Hav­ing wo­ken up to the dan­ger­ous po­si­tion the poul­try in­dus­try is in, but be­ing fully alive to the pos­si­bil­i­ties it has for those that are pre­pared to move. I would ask: “Are you mov­ing, reader?”

When did you last visit a fel­low poul­try­men’s yard and dis­cuss his birds or in­vited him to visit yours?

How about speak­ing to your dealer about a spe­cial for your show, or the lay­ing com­pe­ti­tion, or a do­na­tion for your club?

When were you last at a com­mit­tee meet­ing?

Are you aware of the fact that dur­ing the last month or two food­stuffs have dropped 50 per cent in price? Have you ever sug­gested a meet­ing of those in­ter­ested to start the club, or start a co-op­er­a­tive buy­ing or sell­ing de­pot for your club or as­so­ci­a­tion, and what prac­ti­cal ad­vice or as­sis­tance have you given?

It is pos­si­ble to go on in this strain for a long time, but one does not want to pile on the agony. Let us own up frankly we have been asleep, but, at least be able to say we have woke up again.

We can best move by putting into prac­ti­cal ef­fect some of the fol­low­ing or other orig­i­nal ideas, ac­cord­ing to the lo­cal re­quire­ment, con­di­tions and sur­round­ings, or us­ing our tal­ents and time avail­able on, say, the fol­low­ing lines:

Tackle the mu­nic­i­pal au­thor­i­ties about the dis­posal of eggs and poul­try by weight, both on the morn­ing mar­kets and through leg­is­la­tion, while forc­ing lo­cal store­keep­ers and oth­ers to do like­wise.

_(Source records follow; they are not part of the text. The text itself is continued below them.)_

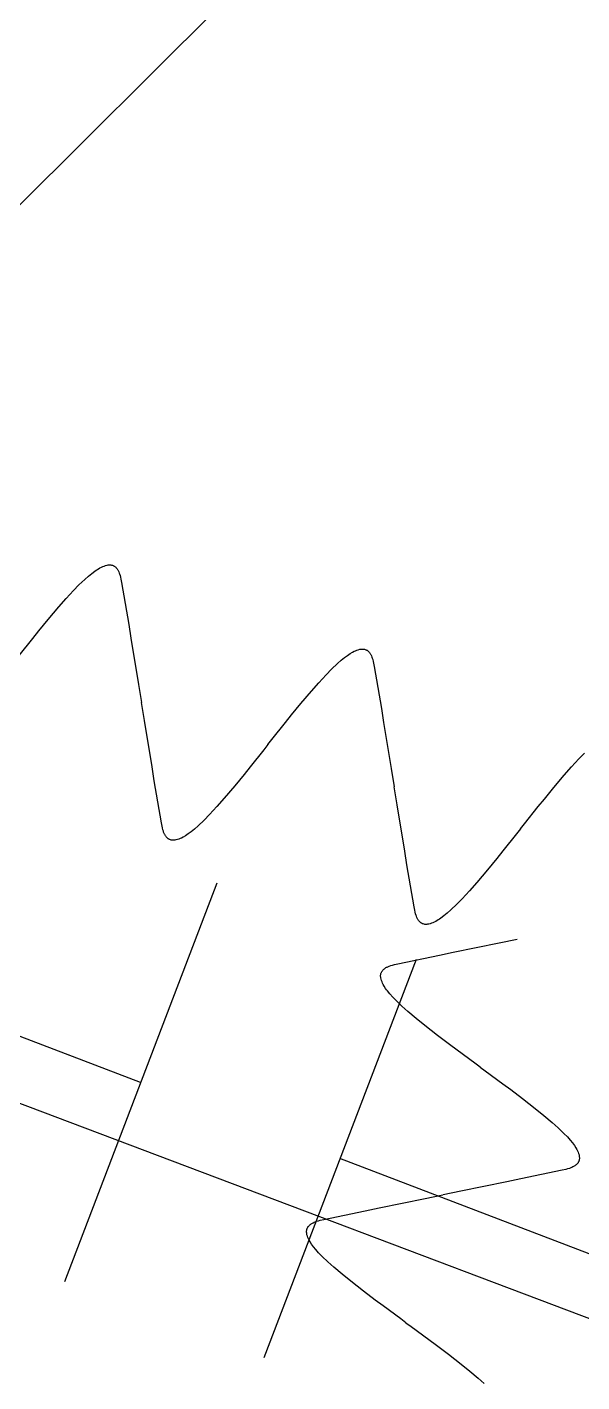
# Model space of a CAD drawing. Extents: x 10098 to 11902, y 8648 to 10202.
# Drawn here: x 11271.365 to 11272.664, y 9096.418 to 9099.593 of the extents above; entities that cross this region are included whole.
import ezdxf

# ---------------------------------------------------------------- set-up
doc = ezdxf.new("R2010")
doc.units = 0
doc.layers.add('49_Проекты', color=7, linetype='Continuous')

msp = doc.modelspace()

# ---------------------------------------------------------------- linework, layer by layer
at = {"layer": '49_Проекты', "color": 8, "linetype": 'Continuous', "lineweight": 30}
for p, q in [((11271.5264, 9098.3201), (11271.5295, 9098.3221)), ((11271.5295, 9098.3221), (11271.5352, 9098.3255)), ((11271.5352, 9098.3255), (11271.539, 9098.3274)), ((11271.539, 9098.3274), (11271.5419, 9098.3288)), ((11271.5419, 9098.3288), (11271.5451, 9098.3301)), ((11271.5451, 9098.3301), (11271.5482, 9098.3312)), ((11271.5482, 9098.3312), (11271.552, 9098.3321)), ((11271.552, 9098.3321), (11271.5545, 9098.3325)), ((11271.5545, 9098.3325), (11271.5561, 9098.3327)), ((11271.5561, 9098.3327), (11271.5577, 9098.3327)), ((11271.5577, 9098.3327), (11271.5594, 9098.3326)), ((11271.5594, 9098.3326), (11271.5607, 9098.3326)), ((11271.5607, 9098.3326), (11271.5628, 9098.3322)), ((11271.5628, 9098.3322), (11271.5646, 9098.3317)), ((11271.5646, 9098.3317), (11271.5664, 9098.3311)), ((11271.5664, 9098.3311), (11271.5671, 9098.3308)), ((11271.5671, 9098.3308), (11271.5682, 9098.3302)), ((11271.5682, 9098.3302), (11271.5691, 9098.3296)), ((11271.5691, 9098.3296), (11271.5701, 9098.329)), ((11271.5701, 9098.329), (11271.5711, 9098.3282)), ((11271.5711, 9098.3282), (11271.5723, 9098.3273)), ((11271.5723, 9098.3273), (11271.5735, 9098.3261)), ((11271.5735, 9098.3261), (11271.5749, 9098.3244)), ((11271.5749, 9098.3244), (11271.5758, 9098.3232)), ((11271.5758, 9098.3232), (11271.5765, 9098.3223)), ((11271.5765, 9098.3223), (11271.5773, 9098.321)), ((11271.5773, 9098.321), (11271.5782, 9098.3195)), ((11271.4862, 9098.2857), (11271.5, 9098.2987)), ((11271.5, 9098.2987), (11271.5087, 9098.3065)), ((11271.5087, 9098.3065), (11271.5164, 9098.3127)), ((11271.5164, 9098.3127), (11271.5234, 9098.3179)), ((11271.5234, 9098.3179), (11271.5264, 9098.3201)), ((11271.5782, 9098.3195), (11271.5789, 9098.3181)), ((11271.5789, 9098.3181), (11271.5795, 9098.3168)), ((11271.5795, 9098.3168), (11271.5807, 9098.3137)), ((11271.5807, 9098.3137), (11271.5815, 9098.3116)), ((11271.5815, 9098.3116), (11271.5825, 9098.3082)), ((11271.5825, 9098.3082), (11271.5837, 9098.3037)), ((11271.5837, 9098.3037), (11271.5845, 9098.2995)), ((11271.5845, 9098.2995), (11271.5859, 9098.2915)), ((11271.5859, 9098.2915), (11271.6028, 9098.1933)), ((11271.4561, 9098.2537), (11271.4732, 9098.2724)), ((11271.4732, 9098.2724), (11271.4862, 9098.2857)), ((11271.4143, 9098.205), (11271.4389, 9098.2341)), ((11271.4389, 9098.2341), (11271.4561, 9098.2537)), ((11271.3925, 9098.1783), (11271.4143, 9098.205)), ((11271.3781, 9098.1605), (11271.3925, 9098.1783)), ((11271.6028, 9098.1933), (11271.6079, 9098.1608)), ((11271.3462, 9098.1205), (11271.3781, 9098.1605)), ((11271.6079, 9098.1608), (11271.6258, 9098.0524)), ((11272.131, 9098.1302), (11272.1339, 9098.1316)), ((11272.1339, 9098.1316), (11272.1371, 9098.1329)), ((11272.1371, 9098.1329), (11272.1402, 9098.134)), ((11272.1402, 9098.134), (11272.144, 9098.1349)), ((11272.144, 9098.1349), (11272.1465, 9098.1353)), ((11272.1465, 9098.1353), (11272.1481, 9098.1355)), ((11272.1481, 9098.1355), (11272.1497, 9098.1355)), ((11272.1497, 9098.1355), (11272.1514, 9098.1354)), ((11272.1514, 9098.1354), (11272.1528, 9098.1354)), ((11272.1528, 9098.1354), (11272.1548, 9098.135)), ((11272.1548, 9098.135), (11272.1566, 9098.1346)), ((11272.1566, 9098.1346), (11272.1585, 9098.1339)), ((11272.1585, 9098.1339), (11272.1592, 9098.1336)), ((11272.1592, 9098.1336), (11272.1602, 9098.133)), ((11272.1602, 9098.133), (11272.1611, 9098.1325)), ((11272.1611, 9098.1325), (11272.1621, 9098.1318)), ((11272.1621, 9098.1318), (11272.1631, 9098.131)), ((11272.1631, 9098.131), (11272.1643, 9098.1301)), ((11272.0782, 9098.0885), (11272.092, 9098.1016)), ((11272.092, 9098.1016), (11272.1007, 9098.1093)), ((11272.1007, 9098.1093), (11272.1084, 9098.1155)), ((11272.1084, 9098.1155), (11272.1154, 9098.1207)), ((11272.1154, 9098.1207), (11272.1184, 9098.1229)), ((11272.1184, 9098.1229), (11272.1216, 9098.1249)), ((11272.1216, 9098.1249), (11272.1272, 9098.1283)), ((11272.1272, 9098.1283), (11272.131, 9098.1302)), ((11272.1643, 9098.1301), (11272.1655, 9098.1289)), ((11272.1655, 9098.1289), (11272.1669, 9098.1272)), ((11272.1669, 9098.1272), (11272.1678, 9098.1261)), ((11272.1678, 9098.1261), (11272.1685, 9098.1251)), ((11272.1685, 9098.1251), (11272.1693, 9098.1238)), ((11272.1693, 9098.1238), (11272.1702, 9098.1223)), ((11272.1702, 9098.1223), (11272.1709, 9098.1209)), ((11272.1709, 9098.1209), (11272.1715, 9098.1196)), ((11272.1715, 9098.1196), (11272.1727, 9098.1166)), ((11272.1727, 9098.1166), (11272.1735, 9098.1144)), ((11272.1735, 9098.1144), (11272.1746, 9098.111)), ((11272.1746, 9098.111), (11272.1757, 9098.1065)), ((11272.1757, 9098.1065), (11272.1765, 9098.1024)), ((11272.1765, 9098.1024), (11272.1779, 9098.0943)), ((11272.0481, 9098.0565), (11272.0653, 9098.0752)), ((11272.0653, 9098.0752), (11272.0782, 9098.0885)), ((11272.1779, 9098.0943), (11272.1948, 9097.9961)), ((11271.6258, 9098.0524), (11271.6327, 9098.01)), ((11272.0063, 9098.0078), (11272.031, 9098.0369)), ((11272.031, 9098.0369), (11272.0481, 9098.0565)), ((11271.6397, 9097.9676), (11271.6327, 9098.01)), ((11271.9845, 9097.9811), (11272.0063, 9098.0078)), ((11271.9702, 9097.9633), (11271.9845, 9097.9811)), ((11272.1948, 9097.9961), (11272.2, 9097.9636)), ((11271.6575, 9097.8592), (11271.6397, 9097.9676)), ((11271.9382, 9097.9233), (11271.9702, 9097.9633)), ((11272.2, 9097.9636), (11272.2178, 9097.8552)), ((11271.9287, 9097.9114), (11271.9192, 9097.8995)), ((11271.9287, 9097.9114), (11271.9382, 9097.9233)), ((11271.9192, 9097.8995), (11271.8873, 9097.8595)), ((11272.6402, 9097.8594), (11272.6573, 9097.878)), ((11272.6573, 9097.878), (11272.6703, 9097.8913)), ((11271.6627, 9097.8266), (11271.6575, 9097.8592)), ((11271.8873, 9097.8595), (11271.873, 9097.8417)), ((11272.2178, 9097.8552), (11272.2247, 9097.8128)), ((11272.623, 9097.8398), (11272.6402, 9097.8594)), ((11271.6795, 9097.7285), (11271.6627, 9097.8266)), ((11271.8511, 9097.815), (11271.8265, 9097.7858)), ((11271.873, 9097.8417), (11271.8511, 9097.815)), ((11272.5983, 9097.8106), (11272.623, 9097.8398)), ((11271.8265, 9097.7858), (11271.8093, 9097.7662)), ((11272.2317, 9097.7704), (11272.2248, 9097.8128)), ((11272.5622, 9097.7661), (11272.5765, 9097.7839)), ((11272.5765, 9097.7839), (11272.5983, 9097.8106)), ((11271.6307, 9097.1196), (11269.933, 9097.7685)), ((11271.8093, 9097.7662), (11271.7922, 9097.7475)), ((11272.2495, 9097.662), (11272.2317, 9097.7704)), ((11272.5302, 9097.7261), (11272.5622, 9097.7661)), ((11271.681, 9097.7204), (11271.6795, 9097.7285)), ((11271.6818, 9097.7162), (11271.681, 9097.7204)), ((11271.7654, 9097.7212), (11271.7567, 9097.7135)), ((11271.7792, 9097.7343), (11271.7654, 9097.7212)), ((11271.7922, 9097.7475), (11271.7792, 9097.7343)), ((11272.5208, 9097.7142), (11272.5302, 9097.7261)), ((11271.6829, 9097.7118), (11271.6818, 9097.7162)), ((11271.684, 9097.7084), (11271.6829, 9097.7118)), ((11271.6847, 9097.7062), (11271.684, 9097.7084)), ((11271.686, 9097.7032), (11271.6847, 9097.7062)), ((11271.6866, 9097.7019), (11271.686, 9097.7032)), ((11271.6873, 9097.7005), (11271.6866, 9097.7019)), ((11271.6882, 9097.6989), (11271.6873, 9097.7005)), ((11271.689, 9097.6977), (11271.6882, 9097.6989)), ((11271.6896, 9097.6967), (11271.689, 9097.6977)), ((11271.6906, 9097.6955), (11271.6896, 9097.6967)), ((11271.692, 9097.6939), (11271.6906, 9097.6955)), ((11271.6932, 9097.6927), (11271.692, 9097.6939)), ((11271.6943, 9097.6917), (11271.6932, 9097.6927)), ((11271.6953, 9097.691), (11271.6943, 9097.6917)), ((11271.6963, 9097.6903), (11271.6953, 9097.691)), ((11271.6972, 9097.6897), (11271.6963, 9097.6903)), ((11271.6983, 9097.6892), (11271.6972, 9097.6897)), ((11271.699, 9097.6889), (11271.6983, 9097.6892)), ((11271.7009, 9097.6882), (11271.699, 9097.6889)), ((11271.7026, 9097.6878), (11271.7009, 9097.6882)), ((11271.7047, 9097.6874), (11271.7026, 9097.6878)), ((11271.7061, 9097.6873), (11271.7047, 9097.6874)), ((11271.7078, 9097.6873), (11271.7061, 9097.6873)), ((11271.7094, 9097.6873), (11271.7078, 9097.6873)), ((11271.711, 9097.6875), (11271.7094, 9097.6873)), ((11271.7135, 9097.6879), (11271.711, 9097.6875)), ((11271.7172, 9097.6888), (11271.7135, 9097.6879)), ((11271.7204, 9097.6899), (11271.7172, 9097.6888)), ((11271.7236, 9097.6912), (11271.7204, 9097.6899)), ((11271.7265, 9097.6925), (11271.7236, 9097.6912)), ((11271.7302, 9097.6944), (11271.7265, 9097.6925)), ((11271.7359, 9097.6978), (11271.7302, 9097.6944)), ((11271.739, 9097.6999), (11271.7359, 9097.6978)), ((11271.7421, 9097.702), (11271.739, 9097.6999)), ((11271.7491, 9097.7072), (11271.7421, 9097.702)), ((11271.7567, 9097.7135), (11271.7491, 9097.7072)), ((11272.5113, 9097.7023), (11272.4793, 9097.6623)), ((11272.5208, 9097.7142), (11272.5113, 9097.7023)), ((11272.2547, 9097.6294), (11272.2495, 9097.662)), ((11272.4793, 9097.6623), (11272.465, 9097.6445)), ((11272.2716, 9097.5313), (11272.2547, 9097.6294)), ((11272.465, 9097.6445), (11272.4432, 9097.6178)), ((11272.4432, 9097.6178), (11272.4185, 9097.5886)), ((11271.8092, 9097.5866), (11271.4522, 9096.6525)), ((11272.4013, 9097.569), (11272.3842, 9097.5503)), ((11272.4185, 9097.5886), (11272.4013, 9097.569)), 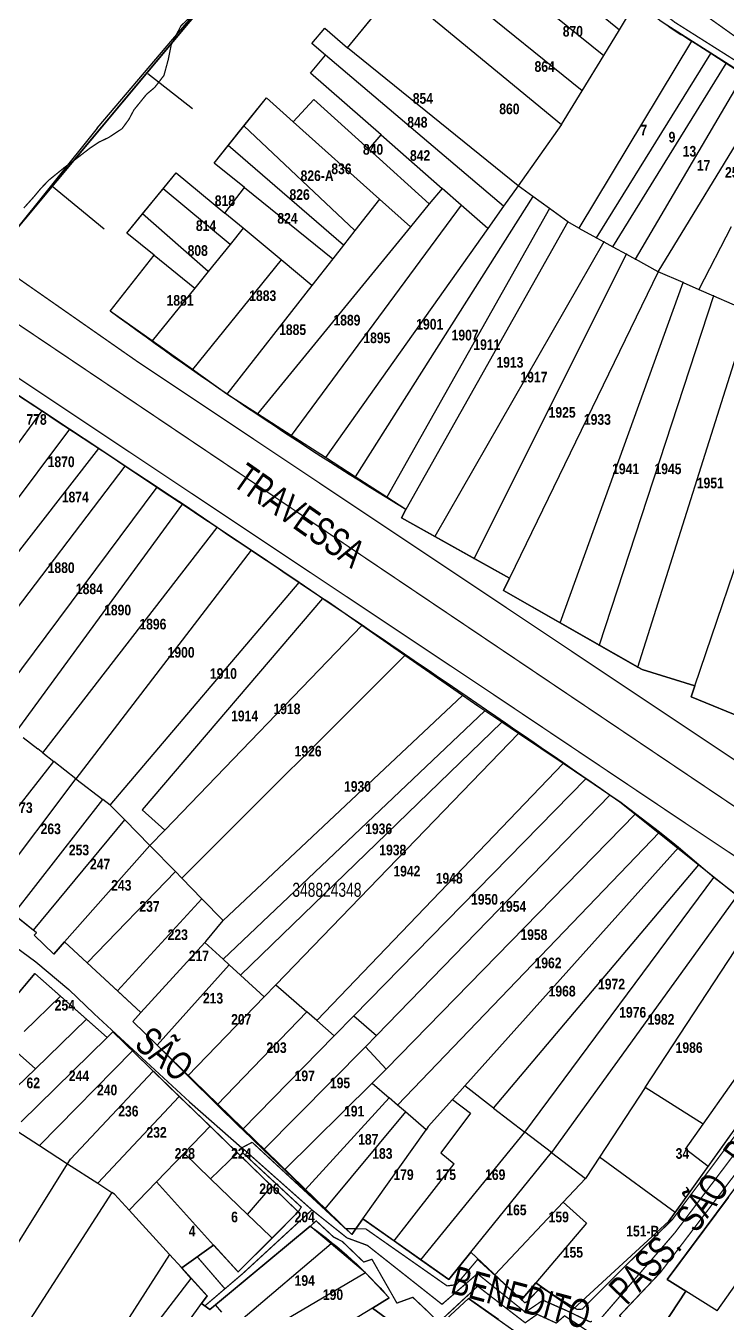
# Model space of a CAD drawing. Extents: x 203136 to 205923, y 4839890 to 4842982.
# Drawn here: x 203676.3 to 203775.7, y 4841450 to 4841632 of the extents above; entities that cross this region are included whole.
import ezdxf
from ezdxf.enums import TextEntityAlignment as Align

# ---------------------------------------------------------------- set-up
doc = ezdxf.new("R2010")
doc.units = 0
doc.header["$LTSCALE"] = 1.5
doc.header["$MEASUREMENT"] = 0
doc.linetypes.add('TRACO_25', pattern=[8, 3, -1, 1, -1, 1, -1])
for name, color, linetype in [('CD_MALHA_LOTES', 40, 'CONTINUOUS'), ('CD_TXT_QUADRA', 7, 'CONTINUOUS'), ('HD-CANAIS', 7, 'CONTINUOUS'), ('LM-LIM-SETOR-FISCAL', 7, 'CONTINUOUS'), ('RU-QUADRAS', 210, 'CONTINUOUS'), ('SV-EIXO-RUA-N-PAV', 6, 'CONTINUOUS'), ('SV-EIXO-RUA-PAV', 20, 'CONTINUOUS'), ('SV-ESTIVAS', 7, 'CONTINUOUS'), ('SV-RUA-PAVIM-S-GUIA-C-GUIA', 7, 'CONTINUOUS'), ('SV-TXT-RUA-N-PAV-S-GUIA-C-GUIA', 7, 'CONTINUOUS'), ('SV-TXT-RUA-PAV-S-GUIA-C-GUIA', 7, 'CONTINUOUS'), ('Th_NmrPort', 1, 'CONTINUOUS')]:
    doc.layers.add(name, color=color, linetype=linetype)
doc.styles.add('ARIAL', font='ARIAL.TTF')
doc.styles.get("Standard").update_dxf_attribs({"font": 'swisscbo.ttf'})
doc.linetypes.add('Limite', pattern='A,20,-3,[130,ltypeshp.shx,S=6.35,R=0,X=0,Y=0],-3,20', length=46)

msp = doc.modelspace()

# ---------------------------------------------------------------- linework, layer by layer
at = {"layer": 'CD_MALHA_LOTES', "linetype": 'Continuous'}
for p, q in [((203745.34, 4841643.8), (203760.44, 4841631.38)), ((203755.19, 4841622.75), (203732.14, 4841641.37)), ((203742.71, 4841640.33), (203758.23, 4841627.74)), ((203721.93, 4841628.84), (203728.81, 4841637.28)), ((203728.81, 4841637.28), (203752.24, 4841617.97)), ((203760.44, 4841631.38), (203762.84, 4841635.34)), ((203758.23, 4841627.74), (203760.44, 4841631.38)), ((203746.11, 4841609.29), (203721.93, 4841628.84)), ((203770.68, 4841629.8), (203754.71, 4841603.31)), ((203773.39, 4841628.04), (203770.68, 4841629.8)), ((203755.19, 4841622.75), (203758.23, 4841627.74)), ((203757.22, 4841601.92), (203773.39, 4841628.04)), ((203759.52, 4841600.65), (203775.59, 4841626.62)), ((203775.59, 4841626.62), (203773.39, 4841628.04)), ((203778.07, 4841625.03), (203775.59, 4841626.62)), ((203762.72, 4841598.89), (203778.07, 4841625.03)), ((203752.24, 4841617.97), (203755.19, 4841622.75)), ((203765.94, 4841597.11), (203781.57, 4841622.77)), ((203705.01, 4841615.02), (203707.24, 4841617.79)), ((203722.96, 4841602.95), (203707.24, 4841617.79)), ((203726.46, 4841607.4), (203714.2, 4841618.38)), ((203752.24, 4841617.97), (203746.11, 4841609.29)), ((203703, 4841612.52), (203705.01, 4841615.02)), ((203721.36, 4841600.91), (203705.01, 4841615.02)), ((203733.5, 4841606.73), (203724.95, 4841614.48)), ((203692.88, 4841605.34), (203695.77, 4841608.86)), ((203705.26, 4841600.99), (203695.77, 4841608.86)), ((203735.31, 4841608.94), (203733.5, 4841606.73)), ((203738.02, 4841606.57), (203735.31, 4841608.94)), ((203746.11, 4841609.29), (203744.03, 4841606.4)), ((203748.2, 4841607.79), (203746.11, 4841609.29)), ((203726.46, 4841607.4), (203722.96, 4841602.95)), ((203748.2, 4841607.79), (203723.01, 4841568.05)), ((203730.83, 4841603.48), (203726.46, 4841607.4)), ((203733.5, 4841606.73), (203730.83, 4841603.48)), ((203750.55, 4841606.07), (203748.2, 4841607.79)), ((203690.63, 4841602.61), (203692.88, 4841605.34)), ((203702.16, 4841597.15), (203692.88, 4841605.34)), ((203707.12, 4841603.28), (203704.53, 4841605.43)), ((203738.02, 4841606.57), (203713.92, 4841573.92)), ((203750.55, 4841606.07), (203727.47, 4841565.17)), ((203741.81, 4841603.26), (203738.02, 4841606.57)), ((203744.03, 4841606.4), (203741.81, 4841603.26)), ((203753.13, 4841604.18), (203750.55, 4841606.07)), ((203707.12, 4841603.28), (203705.26, 4841600.99)), ((203712.52, 4841598.8), (203707.12, 4841603.28)), ((203730.83, 4841603.48), (203709.14, 4841577.01)), ((203741.81, 4841603.26), (203718.77, 4841570.8)), ((203722.96, 4841602.95), (203721.36, 4841600.91)), ((203753.13, 4841604.18), (203730.19, 4841563.42)), ((203754.71, 4841603.31), (203753.13, 4841604.18)), ((203754.71, 4841603.31), (203757.22, 4841601.92)), ((203776.27, 4841603.48), (203771.72, 4841594.6)), ((203758.22, 4841601.37), (203734.29, 4841559.62)), ((203757.22, 4841601.92), (203758.22, 4841601.37)), ((203758.22, 4841601.37), (203759.52, 4841600.65)), ((203705.26, 4841600.99), (203702.16, 4841597.15)), ((203721.36, 4841600.91), (203719.82, 4841598.94)), ((203739.85, 4841556.5), (203761.43, 4841599.6)), ((203759.52, 4841600.65), (203761.43, 4841599.6)), ((203761.43, 4841599.6), (203762.72, 4841598.89)), ((203712.52, 4841598.8), (203699.92, 4841583.27)), ((203716.87, 4841595.18), (203712.52, 4841598.8)), ((203719.82, 4841598.94), (203716.87, 4841595.18)), ((203765.94, 4841597.11), (203762.72, 4841598.89)), ((203702.16, 4841597.15), (203700.26, 4841594.79)), ((203765.94, 4841597.11), (203744.85, 4841553.69)), ((203769.47, 4841595.58), (203765.94, 4841597.11)), ((203700.26, 4841594.79), (203694.22, 4841587.32)), ((203716.87, 4841595.18), (203704.82, 4841579.8)), ((203752.03, 4841547.39), (203769.47, 4841595.58)), ((203769.47, 4841595.58), (203771.72, 4841594.6)), ((203771.72, 4841594.6), (203773.78, 4841593.71)), ((203773.78, 4841593.71), (203757.57, 4841544.23)), ((203773.78, 4841593.71), (203778.98, 4841591.46)), ((203694.22, 4841587.32), (203688.26, 4841591.55)), ((203763.05, 4841541.11), (203778.98, 4841591.46)), ((203699.92, 4841583.27), (203694.22, 4841587.32)), ((203771.13, 4841538.44), (203787.87, 4841587.73)), ((203704.82, 4841579.8), (203699.92, 4841583.27)), ((203678.57, 4841577.41), (203673.48, 4841580.77)), ((203709.14, 4841577.01), (203704.82, 4841579.8)), ((203678.57, 4841577.41), (203674.08, 4841571.29)), ((203682.51, 4841574.81), (203678.57, 4841577.41)), ((203713.92, 4841573.92), (203709.14, 4841577.01)), ((203682.51, 4841574.81), (203673.38, 4841562.64)), ((203686.68, 4841572.06), (203682.51, 4841574.81)), ((203718.77, 4841570.8), (203713.92, 4841573.92)), ((203673.33, 4841554.93), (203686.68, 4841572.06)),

Push this ques­tion at mu­nic­i­pal elec­tion time, and sup­port only the can­di­dates in favour of this pro­gres­sive step. Write about it in the lo­cal press and ed­u­cate the pub­lic on the points. Visit the morn­ing mar­ket and point out to the morn­ing mas­ter sick birds, ad­vise him to refuse to sell them, and en­deav­our to se­cure the sup­port of the M.O.H. to or­der their de­struc­tion. If the above is only done once or twice it would cause a stir and a seven days drop scan­dal. But what of that? The poul­try in­ter­est would score. It would be brought to the pub­lic no­tice and would ben­e­fit, sooner or later, a live as­so­ci­a­tion of poul­try en­thu­si­asts, and would be ap­pre­ci­ated by the bulk of the lo­cal in­hab­i­tants, as a prac­ti­cal body, watch­ing that one of their ar­ti­cles of food was fit for hu­man con­sump­tion. Oc­ca­sion­ally visit the rail­way sta­tions and draw the at­ten­tion of the proper au­thor­i­ties to crowded and poor coops, egg boxes etc. If tact­fully done, this in­ter­ven­tion will be ap­pre­ci­ated.